で、エウメネスなりなんなりを読んで私の読者になってくれた人。
ほとんどいない。
それはもう結論が出ている
(同じくシュピリの読者は私の読者ではない)。
売れるか売れないかということで言えば需要と供給の関係でしかない。
チラシの裏か裏でないかということも同じだ。
KDPとかpixivとかが出てくる前は、私たち素人にも、
いや出版業界の玄人でも、本だけは違う、良いものを書けば売れるはずだ、
という幻想があったのかもしれない。
しかし電子出版の現実を直視すれば、本もラーメンも鶏も同じだってことは明らかだ。
都議選ですらそうだ。
例えばスタンダールの長編小説だってああいうのがかつては需要に対して、
供給が追いつかなかったから売れたわけだ。
今も多少は需要があるだろう。しかし供給が多すぎる。
供給が多すぎる状態で有効なのはマーケティングだろう。
KDPもまたすでにマーケティングが成熟してきている。
じゃああなたもちゃんと投資してマーケティングやりますかと言われて、
やるはずがない。

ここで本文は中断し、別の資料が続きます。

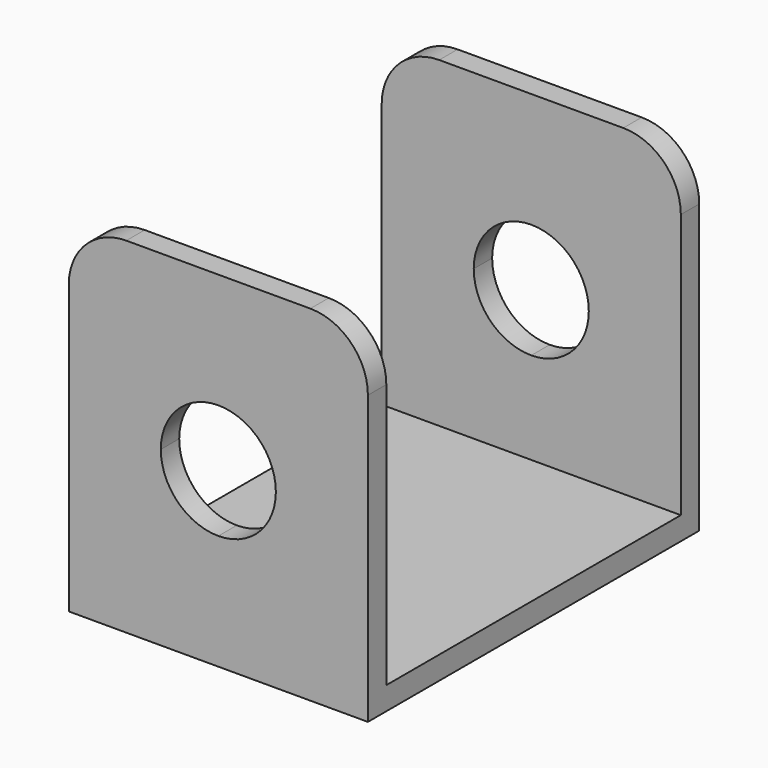
from build123d import *

# Parameters (mm, degrees)
F0_W     = 26
F0_H     = 2
F1_DEPTH = 30
F0_H_2   = 34
F2_DEPTH = 2
F4_DEPTH = 28
F5_R     = 5
F6_R     = 5
F9_DEPTH = 100


# Not quite as in the source:
# - a feature of the source that left no trace in its solid (it failed there, or was rolled back) is left out


with BuildPart() as f1:
    # F0 (on Top) → F1 (new body)
    with BuildSketch(Plane.XY):
        with Locations((0, 17)):
            Rectangle(F0_W, F0_H)
    extrude(amount=F1_DEPTH)

    # F0 (on Top) → F2 (join)
    with BuildSketch(Plane.XY):
        with Locations((0, -1)):
            Rectangle(F0_W, F0_H_2)
    extrude(amount=F2_DEPTH)

    # F3 (on face) → F4 (join)
    with BuildSketch(Plane.XY.offset(2)):
        Polygon((13, -16), (0, -16), (-13, -16), (-13, -18), (13, -18), align=None)
    extrude(amount=F4_DEPTH)

    # F5
    f5_edges = [f1.edges().sort_by_distance(p)[0] for p in [
        (-13, 17, 30),
        (-13, -17, 30),
    ]]
    fillet(f5_edges, radius=F5_R)

    # F6
    f6_edges = [f1.edges().sort_by_distance(p)[0] for p in [
        (13, 17, 30),
        (13, -17, 30),
    ]]
    fillet(f6_edges, radius=F6_R)

    # F8 (on face) → F9 (cut)
    with BuildSketch(Plane(origin=(0, 18, 0), x_dir=(-1, 0, 0), z_dir=(0, 1, 0))):
        with BuildLine():
            ThreePointArc((5, 15), (3.5355339059, 18.5355339059), (0, 20))
            Line((0, 20), (0, 10))
            ThreePointArc((0, 10), (3.5355339059, 11.4644660941), (5, 15))
        make_face()
        with BuildLine():
            Line((0, 10), (0, 20))
            ThreePointArc((0, 20), (-5, 15), (0, 10))
        make_face()
    extrude(amount=-F9_DEPTH, mode=Mode.SUBTRACT)


solid = f1.part

それは私の仕事じゃない。
昔ダウンロードしてくれてた人も実際には読んでさえいなかっただろう。
今回ダウンロードした人は一応読む気でダウンロードしたのだと思う。
その実数が見えた気がする。
まあ、この五年間で経験値だけは少しあがった。
今まで書いてきたものは遺言代わりくらいにはなるだろう。
文芸は映像や音楽とは違う。
しかし必ずしも棲み分けているわけではない。
セリフの無い手描きアニメーション作品とかPVみたいな小説を書く人がいる。
例えば村上春樹なんかはそうかもしれない。
それもまた文芸である。
そして音楽やアニメーションが好きな人は、
くどくどした台詞や説明がないそういう「空虚」な小説を好むだろう。
台詞や説明が多いアニメーションを揶揄してセツメーションというらしい。
台詞が無いアニメーションの方が高級だと考えているアニメーターは
(非商業アート系には特に)多い。
私は今までそういうものに鈍感だったかもしれない。
今まで文芸作品は文字や台詞だと思ってた、
映像や音楽とは別のメディアで表現手段だと思ってたが違うかもしれない。
ある程度書いて書き込んでみて読者の反応をみたからわかったことだ。
でまあ、20歳くらいで作家デビューするような人は(もともとそういう環境にいて)、
そんなことは最初からわかっているはずなのだ。
もちろん説明や台詞のないアニメーション作品にはある種の限界がある。
私はそういう限界を好まない。
二人か三人しか登場人物がいなければ台詞は無くとも作品は成立する。
メッセージを伝えることはできる。
私が書きたいものはどちらかといえばそういうものではない。
そういう意味では和歌のほうが、私はもっとずっと前から詠んでいたので、
少し実感しやすい気がする。
もう30年間、途中長いブランクがあるが、和歌は詠んでいた。